"Being bipolar"

Here’s a comment that stuck out to me recently that I wanted to highlight:

I think a lot of us feel like our disorder defines us and who we are. Often times, I feel this way. When I meet new people (which is a difficult thing in itself), I can always tell a difference in how they treat me once they learn that I’m bipolar. It only serves to solidify the notion that being bipolar defines me.

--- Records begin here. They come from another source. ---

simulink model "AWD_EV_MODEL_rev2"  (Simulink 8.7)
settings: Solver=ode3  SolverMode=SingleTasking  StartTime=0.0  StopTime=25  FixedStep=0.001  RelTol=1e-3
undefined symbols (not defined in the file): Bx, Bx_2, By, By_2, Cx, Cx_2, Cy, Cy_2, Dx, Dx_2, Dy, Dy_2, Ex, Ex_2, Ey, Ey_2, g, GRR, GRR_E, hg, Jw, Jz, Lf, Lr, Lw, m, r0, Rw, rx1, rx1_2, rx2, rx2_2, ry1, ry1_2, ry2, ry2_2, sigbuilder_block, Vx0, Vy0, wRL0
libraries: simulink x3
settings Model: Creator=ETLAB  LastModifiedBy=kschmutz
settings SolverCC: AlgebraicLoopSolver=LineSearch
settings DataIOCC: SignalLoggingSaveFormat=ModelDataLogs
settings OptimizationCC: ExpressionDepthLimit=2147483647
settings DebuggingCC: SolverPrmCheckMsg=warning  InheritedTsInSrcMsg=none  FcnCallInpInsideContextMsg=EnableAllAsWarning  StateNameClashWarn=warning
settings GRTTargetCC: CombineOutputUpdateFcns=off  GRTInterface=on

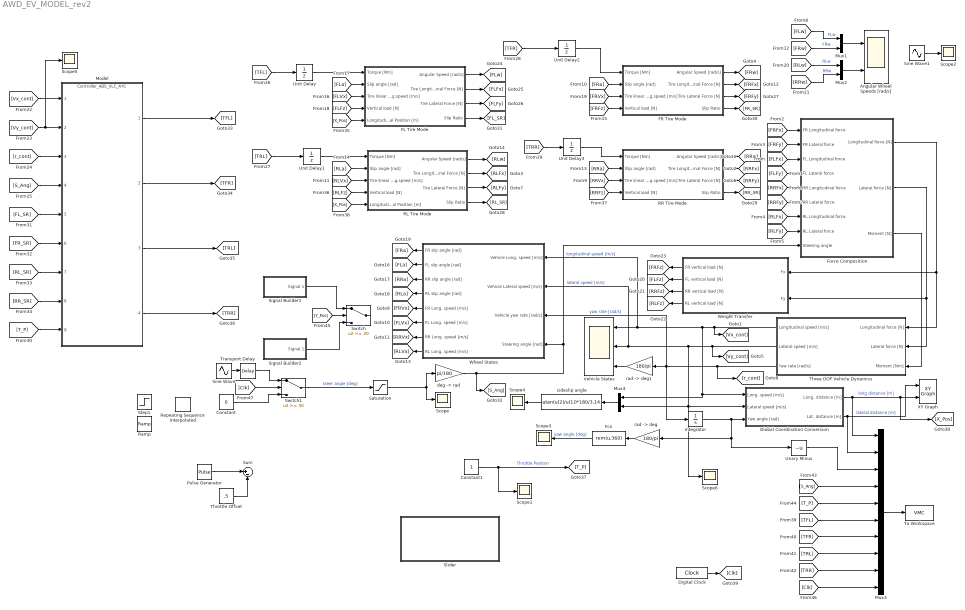
== system AWD_EV_MODEL_rev2 ==
  Angular Wheel Speeds [rad/s] : Scope  NumInputPorts=2
  Constant : Constant  Value=0
  Constant1 : Constant
  Digital Clock : DigitalClock  SampleTime=0.001
  FL Tire Mode : Subsystem
      mask Display:
      | image(imread('Tire.bmp'),'center')
      | port_label('input', 1, 'Torque [Nm]')
      | port_label('input', 2, 'Slip angle [rad]')
      | port_label('input', 3, 'Long. speed [m/s]')
      | port_label('input', 4, 'Vertical load [N]')
      | port_label('input', 5, 'Longitudinal Pos [m]')
      | port_label('output', 1, 'Angular speed [rad/s]')
      | port_label('output', 2, 'Long. force [N]')
      | port_label('output', 3, 'Lateral force [N]')
      | port_label('output', 4, 'Slip Ratio')
  FR Tire Mode : Subsystem
      mask Display:
      | image(imread('Tire.bmp'),'center')
      | port_label('input', 1, 'Torque [Nm]')
      | port_label('input', 2, 'Slip angle [rad]')
      | port_label('input', 3, 'Long. speed [m/s]')
      | port_label('input', 4, 'Vertical load [N]')
      | port_label('output', 1, 'Angular speed [rad/s]')
      | port_label('output', 2, 'Long. force [N]')
      | port_label('output', 3, 'Lateral force [N]')
      | port_label('output', 4, 'Slip Ratio')
  Fcn : Fcn  Expr=rem(u,360)
  Force Composition : Subsystem
  Global Coordination Conversion : Subsystem
  Integrator : Integrator
  Model : ModelReference  ModelNameDialog=Controller_ABS_VLC_AYC  SimulationMode=Normal  ModelReferenceVersion=1.127
  Mux1 : Mux  Inputs=2
  Mux2 : Mux  Inputs=2
  Mux3 : Mux  Inputs=10
  Mux4 : Mux  Inputs=2
  Pulse Generator : DiscretePulseGenerator  PulseType=Time based  Amplitude=.5  Period=7  PulseWidth=50
  RL Tire Mode : Subsystem
      mask Display:
      | image(imread('Tire.bmp'),'center')
      | port_label('input', 1, 'Torque [Nm]')
      | port_label('input', 2, 'Slip angle [rad]')
      | port_label('input', 3, 'Long. speed [m/s]')
      | port_label('input', 4, 'Vertical load [N]')
      | port_label('input', 5, 'Longitudinal Pos [m]')
      | port_label('output', 1, 'Angular speed [rad/s]')
      | port_label('output', 2, 'Long. force [N]')
      | port_label('output', 3, 'Lateral force [N]')
      | port_label('output', 4, 'Slip Ratio')
  RR Tire Mode : Subsystem
      mask Display:
      | image(imread('Tire.bmp'),'center')
      | port_label('input', 1, 'Torque [Nm]')
      | port_label('input', 2, 'Slip angle [rad]')
      | port_label('input', 3, 'Long. speed [m/s]')
      | port_label('input', 4, 'Vertical load [N]')
      | port_label('output', 1, 'Angular speed [rad/s]')
      | port_label('output', 2, 'Long. force [N]')
      | port_label('output', 3, 'Lateral force [N]')
  Ramp : simulink/Sources/Ramp  slope=0  start=.2  X0=0
  Repeating Sequence Interpolated : simulink/Sources/Repeating Sequence Interpolated  OutValues=[0 0 7 0 0 -7 0 0].'  TimeValues=[0 2 4 6 8 10 26 28].'  LookUpMeth=Interpolation-Use End Values  tsamp=0.001  OutMin=[]  OutMax=[]  OutDataTypeStr=double  OutputDataTypeScalingMode=double  OutDataType=fixdt(0,8)  OutScaling=2^-10
  Saturation : Saturate  UpperLimit=15  LowerLimit=-15
  Scope{,1..6} (7 alike) : Scope
  Signal Builder1 : Subsystem  Tag=STV Subsys  LoadFcn=sigbuilder_block('load');  StartFcn=sigbuilder_block('start');  StopFcn=sigbuilder_block('stop');  ClipboardFcn=sigbuilder_block('clipboard');  mask(Sigbuilder block){}
      mask help: Simulink:masks:SigbuilderBlock_MD
      mask init:
      | if ~strcmp(get_param(bdroot(gcbh),'SimulationStatus'),'stopped') tuvar = sigbuilder_block('maskInit'); end
      settings: CopyFcn=sigbuilder_block('copy');  DeleteFcn=sigbuilder_block('delete');  ModelCloseFcn=sigbuilder_block('modelClose');  PreSaveFcn=sigbuilder_block('preSave');  PauseFcn=sigbuilder_block('pause');  ContinueFcn=sigbuilder_block('continue');  NameChangeFcn=sigbuilder_block('namechange');  OpenFcn=sigbuilder_block('open',[6 36 1428 711 ]);  CloseFcn=sigbuilder_block('close');
      mask Display: plot(0, 0, 100, 100,[2, 2, 32, 32, 2], [68, 8, 8, 68, 68],[32, 2], [38, 38], [32, 19, 2],[53, 60, 44], [32, 17, 17, 2],[16, 16, 31, 31]);txt = getActiveGroup(gcbh);text(2, 100, txt,'verticalAlignment', 'top');
  Signal Builder2 : Subsystem  Tag=STV Subsys  LoadFcn=sigbuilder_block('load');  StartFcn=sigbuilder_block('start');  StopFcn=sigbuilder_block('stop');  ClipboardFcn=sigbuilder_block('clipboard');  mask(Sigbuilder block){}
      mask help: Simulink:masks:SigbuilderBlock_MD
      mask init:
      | if ~strcmp(get_param(bdroot(gcbh),'SimulationStatus'),'stopped') tuvar = sigbuilder_block('maskInit'); end
      settings: CopyFcn=sigbuilder_block('copy');  DeleteFcn=sigbuilder_block('delete');  ModelCloseFcn=sigbuilder_block('modelClose');  PreSaveFcn=sigbuilder_block('preSave');  PauseFcn=sigbuilder_block('pause');  ContinueFcn=sigbuilder_block('continue');  NameChangeFcn=sigbuilder_block('namechange');  OpenFcn=sigbuilder_block('open',[6 36 1428 711 ]);  CloseFcn=sigbuilder_block('close');
      mask Display: plot(0, 0, 100, 100,[2, 2, 32, 32, 2], [68, 8, 8, 68, 68],[32, 2], [38, 38], [32, 19, 2],[53, 60, 44], [32, 17, 17, 2],[16, 16, 31, 31]);txt = getActiveGroup(gcbh);text(2, 100, txt,'verticalAlignment', 'top');
  Sine Wave : Sin  Amplitude=4  Frequency=.1  SampleTime=0
  Sine Wave1 : Sin  Frequency=0.5  SampleTime=0
  Slider : Subsystem  DialogController=hmiCreateDDGDialog  DialogControllerArgs=DataTag4  IsWebBlock=on  mask(MWDashboardBlock){webBlockId=ca84606d-5772-4c84-acb2-69dff7348784, webBlockType=slider, ShowInLibBrowser=on, ShowInitialText=on, HMISrcModelName=AWD_EV_MODEL_rev2}
      mask prompts: webBlockId "WebBlock Id"; webBlockType "WebBlock Type"; HMISrcModelName "Source Model"
      mask Help: helpview([docroot '/mapfiles/simulink.map'], 'hmi_slider')
      mask Display:
      | if strcmp(get_param(bdroot(gcb),'BlockDiagramType'), 'library')
      |     image([(matlabroot) '/toolbox/simulink/hmi/icons/Slider.png']);
      | end
  Step1 : Step  Time=0  After=5  SampleTime=0
  Sum : Sum  Inputs=|+-
  Switch : Switch  Threshold=20
  Switch1 : Switch  Threshold=30
  Three DOF Vehicle Dynamics : Subsystem
      mask Display:
      | image(imread('Vehicle.bmp'),'center')
      | port_label('input', 1, 'Longitudinal force [N]')
      | port_label('input', 2, 'Lateral force [N]')
      | port_label('input', 3, 'Moment [Nm]')
      | port_label('output', 1, 'Longitudinal speed [m/s]')
      | port_label('output', 2, 'Lateral speed [m/s]')
      | port_label('output', 3, 'Yaw rate [rad/s]')
  Throttle Offset : Constant  Value=.5
  To Workspace : ToWorkspace  VariableName=VMC  SampleTime=-1
  Transport Delay : TransportDelay  DelayTime=4
  Unary Minus : UnaryMinus
  Unit Delay{,1..3} (4 alike) : UnitDelay  InitialCondition=1  SampleTime=-1
  Vehicle States : Scope  NumInputPorts=3
  Weight Transfer : Subsystem
  Wheel States : Subsystem
  XY Graph : simulink/Sinks/XY Graph  xmin=-500  xmax=500  ymin=-500  ymax=500  st=-1
  "deg -> rad" : Gain  Gain=pi/180
  "rad -> deg" : Gain  Gain=180/pi
  "rad -> deg1" : Gain  Gain=180/pi
  sideslip angle : Fcn  Expr=atan(u(2)/u(1))*180/3.14
  wires:
  Wheel States/5(FR Long. speed [m/s]) -> [FRVx]
  Wheel States/6(FL Long. speed [m/s]) -> [FLVx]
  Wheel States/7(RR Long. speed [m/s]) -> [RRVx]
  Wheel States/8(RL Long. speed [m/s]) -> [RLVx]
  Three DOF Vehicle Dynamics/3(Yaw rate [rad/s]) -> "rad -> deg1"/1, Wheel States/3(Vehicle yaw rate [rad/s]), Integrator/1, [r_cont]  "yaw rate [rad/s]"
  Three DOF Vehicle Dynamics/2(Lateral speed [m/s]) -> Wheel States/2(Vehicle Lateral speed [m/s]), Vehicle States/2, Global Coordination Conversion/2(Lateral speed [m/s]), Mux4/2, Scope6/1, [Vy_cont]  "lateral speed [m/s]"
  Three DOF Vehicle Dynamics/1(Longitudinal speed [m/s]) -> Wheel States/1(Vehicle Long. speed [m/s]), Vehicle States/1, Global Coordination Conversion/1(Long. speed [m/s]), Mux4/1, [Vx_cont]  "longitudinal speed [m/s]"
  Wheel States/1("FR slip angle [rad] ") -> [FRa]
  Wheel States/2("FL slip angle [rad] ") -> [FLa]
  Wheel States/3("RR slip angle [rad] ") -> [RRa]
  Wheel States/4("RL slip angle [rad] ") -> [RLa]
  Force Composition/1(Longitudinal force [N]) -> Weight Transfer/1(Fx), Three DOF Vehicle Dynamics/1(Longitudinal force [N])
  [FRFx] -> Force Composition/1(FR Longitudinal force)
  [FRFy] -> Force Composition/2(FR Lateral force)
  [FLFx] -> Force Composition/3(FL Longitudinal force)
  [FLFy] -> Force Composition/4(FL Lateral force)
  [RRFx] -> Force Composition/5(RR Longitudinal force)
  [RRFy] -> Force Composition/6(RR Lateral force)
  [RLFx] -> Force Composition/7(RL Longitudinal force)
  [RLFy] -> Force Composition/8(RL Lateral force)
  "rad -> deg"/1 -> Fcn/1
  Fcn/1 -> Scope3/1  "yaw angle [deg]"
  Global Coordination Conversion/1(Long. distance [m]) -> Mux3/1, XY Graph/2, [X_Pos]  "long distance [m]"
  Global Coordination Conversion/2(Lat. distance [m]) -> XY Graph/1, Mux3/2  "lateral distance [m]"
  Weight Transfer/1(FR vertical load [N]) -> [FRFz]
  Weight Transfer/2(FL vertical load [N]) -> [FLFz]
  Weight Transfer/3(RR vertical load [N]) -> [RRFz]
  Weight Transfer/4(RL vertical load [N]) -> [RLFz]
  Force Composition/2(Lateral force [N]) -> Weight Transfer/2(Fy), Three DOF Vehicle Dynamics/2(Lateral force [N])
  Integrator/1 -> Global Coordination Conversion/3(Yaw angle [rad]), "rad -> deg"/1, Unary Minus/1
  Force Composition/3(Moment [N]) -> Three DOF Vehicle Dynamics/3(Moment [Nm])
  "rad -> deg1"/1 -> Vehicle States/3
  Mux4/1 -> sideslip angle/1
  sideslip angle/1 -> Scope4/1
  Sine Wave1/1 -> Scope2/1
  FL Tire Mode/2(Tire Longitudinal Force [N]) -> [FLFx]
  FL Tire Mode/1(Angular Speed [rad/s]) -> [FLw]
  [FLVx] -> FL Tire Mode/3(Tire linear Long.speed [m/s])
  [FLa] -> FL Tire Mode/2(Slip angle [rad])
  [FLFz] -> FL Tire Mode/4(Vertical load [N])
  FL Tire Mode/3(Tire Lateral Force [N]) -> [FLFy]
  [FLw] -> Mux1/1  "FLw"
  [FRw] -> Mux1/2  "FRw"
  [RLw] -> Mux2/1  "RLw"
  [RRw] -> Mux2/2  "RRw"
  Mux1/1 -> Angular Wheel Speeds [rad/s]/1
  Mux2/1 -> Angular Wheel Speeds [rad/s]/2
  FL Tire Mode/4(Slip Ratio) -> [FL_SR]
  Mux3/1 -> To Workspace/1
  [FRa] -> FR Tire Mode/2(Slip angle [rad])
  [FRVx] -> FR Tire Mode/3(Tire linear Long.speed [m/s])
  [FRFz] -> FR Tire Mode/4(Vertical load [N])
  FR Tire Mode/1(Angular Speed [rad/s]) -> [FRw]
  FR Tire Mode/2(Tire Longitudinal Force [N]) -> [FRFx]
  FR Tire Mode/3(Tire Lateral Force [N]) -> [FRFy]
  FR Tire Mode/4(Slip Ratio) -> [FR_SR]
  [RLa] -> RL Tire Mode/2(Slip angle [rad])
  [RLVx] -> RL Tire Mode/3(Tire linear Long.speed [m/s])
  [RLFz] -> RL Tire Mode/4(Vertical load [N])
  RL Tire Mode/1(Angular Speed [rad/s]) -> [RLw]
  RL Tire Mode/2(Tire Longitudinal Force [N]) -> [RLFx]
  RL Tire Mode/3(Tire Lateral Force [N]) -> [RLFy]
  RL Tire Mode/4(Slip Ratio) -> [RL_SR]
  [RRa] -> RR Tire Mode/2(Slip angle [rad])
  [RRVx] -> RR Tire Mode/3(Tire linear Long.speed [m/s])
  [RRFz] -> RR Tire Mode/4(Vertical load [N])
  RR Tire Mode/1(Angular Speed [rad/s]) -> [RRw]
  RR Tire Mode/2(Tire Longitudinal Force [N]) -> [RRFx]
  RR Tire Mode/3(Tire Lateral Force [N]) -> [RRFy]
  RR Tire Mode/4(Slip Ratio) -> [RR_SR]
  "deg -> rad"/1 -> [S_Ang], Wheel States/4(Steering angle [rad]), Force Composition/9(Steering angle)
  Switch1/1 -> Saturation/1  "steer angle [deg]"
  Saturation/1 -> "deg -> rad"/1, Scope/1
  Unary Minus/1 -> Mux3/3
  Constant1/1 -> Scope1/1, [T_P]  "Throttle Position"
  Pulse Generator/1 -> Sum/1
  Throttle Offset/1 -> Sum/2
  [Vx_cont] -> Model/1
  [Vy_cont] -> Model/2, Scope5/1
  [r_cont] -> Model/3
  [S_Ang] -> Model/4
  [FL_SR] -> Model/5
  [FR_SR] -> Model/6
  [RL_SR] -> Model/7
  [RR_SR] -> Model/8
  [T_P] -> Model/9
  [X_Pos] -> FL Tire Mode/5(Longitudinal Position [m])
  [X_Pos] -> RL Tire Mode/5(Longitudinal Position [m])
  [S_Ang] -> Mux3/4
  [TFL] -> Mux3/6
  [TFR] -> Mux3/7
  [TRL] -> Mux3/8
  [TRR] -> Mux3/9
  [T_P] -> Mux3/5
  [Clk] -> Mux3/10
  [TFR] -> Unit Delay2/1
  [TRR] -> Unit Delay3/1
  [TRL] -> Unit Delay1/1
  [TFL] -> Unit Delay/1
  [Y_Pos] -> Switch/2
  Signal Builder1/1(Signal 1) -> Switch/1
  Signal Builder2/1(Signal 1) -> Switch/3
  Digital Clock/1 -> [Clk]
  [Clk] -> Switch1/2
  Sine Wave/1 -> Transport Delay/1
  Constant/1 -> Switch1/3
  Transport Delay/1 -> Switch1/1
  Model/1 -> [TFL]
  Model/2 -> [TFR]
  Model/3 -> [TRL]
  Model/4 -> [TRR]
  Unit Delay/1 -> FL Tire Mode/1(Torque [Nm])
  Unit Delay3/1 -> RR Tire Mode/1(Torque [Nm])
  Unit Delay1/1 -> RL Tire Mode/1(Torque [Nm])
  Unit Delay2/1 -> FR Tire Mode/1(Torque [Nm])

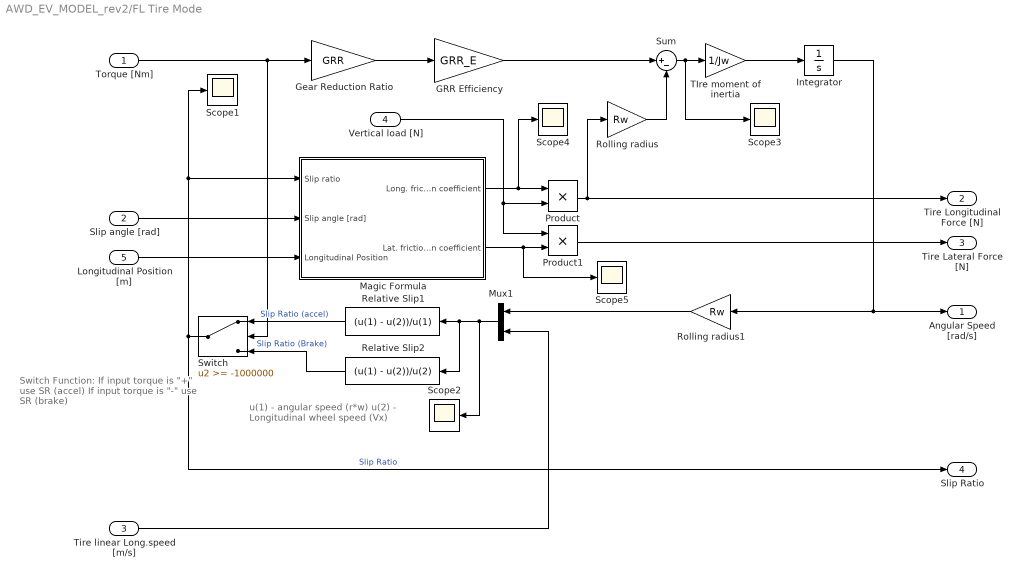
== system AWD_EV_MODEL_rev2/FL Tire Mode ==
  note: u(1) - angular speed (r*w)
      | u(2) - Longitudinal wheel speed (Vx)
  note: Switch Function:
      | If input torque is "+" use SR (accel)
      | If input torque is "-" use SR (brake)
  Torque [Nm] : Inport
  Slip angle [rad] : Inport  Port=2
  Tire linear Long.speed [m/s] : Inport  Port=3
  Vertical load [N] : Inport  Port=4
  Longitudinal Position [m] : Inport  Port=5
  GRR Efficiency : Gain  Gain=GRR_E  SaturateOnIntegerOverflow=on  OutDataTypeStr=Inherit: Same as input  ParamDataTypeStr=Inherit: Same as input
  Gear Reduction Ratio : Gain  Gain=GRR  SaturateOnIntegerOverflow=on  OutDataTypeStr=Inherit: Same as input  ParamDataTypeStr=Inherit: Same as input
  Integrator : Integrator  InitialCondition=wRL0
  Magic Formula : Subsystem  mask(Magic Formula (Combined Slip)){}
      mask Display:
      | image(imread('Magic formula.jpg'),'center')
      | port_label('input', 1, 'slip ratio')
      | port_label('input', 2, 'slip angle')
      | port_label('output', 1, 'Mux')
      | port_label('output', 2, 'Muy')
  Mux1 : Mux  Inputs=2
  Product : Product  RndMeth=Zero
  Product1 : Product  RndMeth=Zero
  Relative Slip1 : Fcn  Expr=(u(1) - u(2))/u(1)
  Relative Slip2 : Fcn  Expr=(u(1) - u(2))/u(2)
  Rolling radius : Gain  Gain=Rw  SaturateOnIntegerOverflow=on  OutDataTypeStr=Inherit: Same as input  ParamDataTypeStr=Inherit: Same as input
  Rolling radius1 : Gain  Gain=Rw  SaturateOnIntegerOverflow=on  OutDataTypeStr=Inherit: Same as input  ParamDataTypeStr=Inherit: Same as input
  Scope{1..5} (5 alike) : Scope
  Sum : Sum  Inputs=|+-
  Switch : Switch  Threshold=-1000000
  TIre moment of inertia : Gain  Gain=1/Jw  SaturateOnIntegerOverflow=on  OutDataTypeStr=Inherit: Same as input  ParamDataTypeStr=Inherit: Same as input
  Angular Speed [rad/s] : Outport
  Tire Longitudinal Force [N] : Outport  Port=2
  Tire Lateral Force [N] : Outport  Port=3
  Slip Ratio : Outport  Port=4
  wires:
  Slip angle [rad]/1 -> Magic Formula/2(Slip angle [rad])
  Tire linear Long.speed [m/s]/1 -> Mux1/2
  Torque [Nm]/1 -> Gear Reduction Ratio/1, Switch/2
  Sum/1 -> TIre moment of inertia/1, Scope3/1
  TIre moment of inertia/1 -> Integrator/1
  Integrator/1 -> Angular Speed [rad/s]/1, Rolling radius1/1
  Rolling radius/1 -> Sum/2
  Mux1/1 -> Scope2/1, Relative Slip1/1, Relative Slip2/1
  Rolling radius1/1 -> Mux1/1
  Magic Formula/1(Long. friction coefficient) -> Product/1, Scope4/1
  Magic Formula/2(Lat. friction coefficient) -> Product1/2, Scope5/1
  Product/1 -> Rolling radius/1, Tire Longitudinal Force [N]/1
  Vertical load [N]/1 -> Product/2, Product1/1
  Product1/1 -> Tire Lateral Force [N]/1
  Gear Reduction Ratio/1 -> GRR Efficiency/1
  GRR Efficiency/1 -> Sum/1
  Relative Slip1/1 -> Switch/1  "Slip Ratio (accel)"
  Relative Slip2/1 -> Switch/3  "Slip Ratio (Brake)"
  Switch/1 -> Magic Formula/1(Slip ratio), Scope1/1, Slip Ratio/1  "Slip Ratio"
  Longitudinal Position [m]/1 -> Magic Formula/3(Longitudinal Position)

When I began this blog, my subtitle for my blog, depression introspection, was “a born-again Christian female ponders whether she is her diagnosis or whether her diagnosis is part of her.” I wrote back in February 2007 about how people are not their diagnoses. I no longer subscribe to the idea that I am bipolar but that I, rather, suffer from bipolar disorder. I beg to differ that we are not our diagnoses and I will do everything I can to remind myself that Marissa does not equal bipolar disorder. I am so much more than my diagnosis. As I said on my “Who I Am” page in the More About Me section:

This blog has helped me to recognize many of the things that I am.
That
I truly am more than my diagnosis and that my diagnosis does not define
me. I am not just a person with manic and depressive episodes. I am a
person with a personality….
This is my journey to learn more about myself, my diagnosis, my medical
treatment, and anything relating to my personal life and general mental
health.

Not only that, but as a Bible-believing Christian, I’m learning that my identity needs to be grounded more in God and what He thinks of me rather than what I think of myself.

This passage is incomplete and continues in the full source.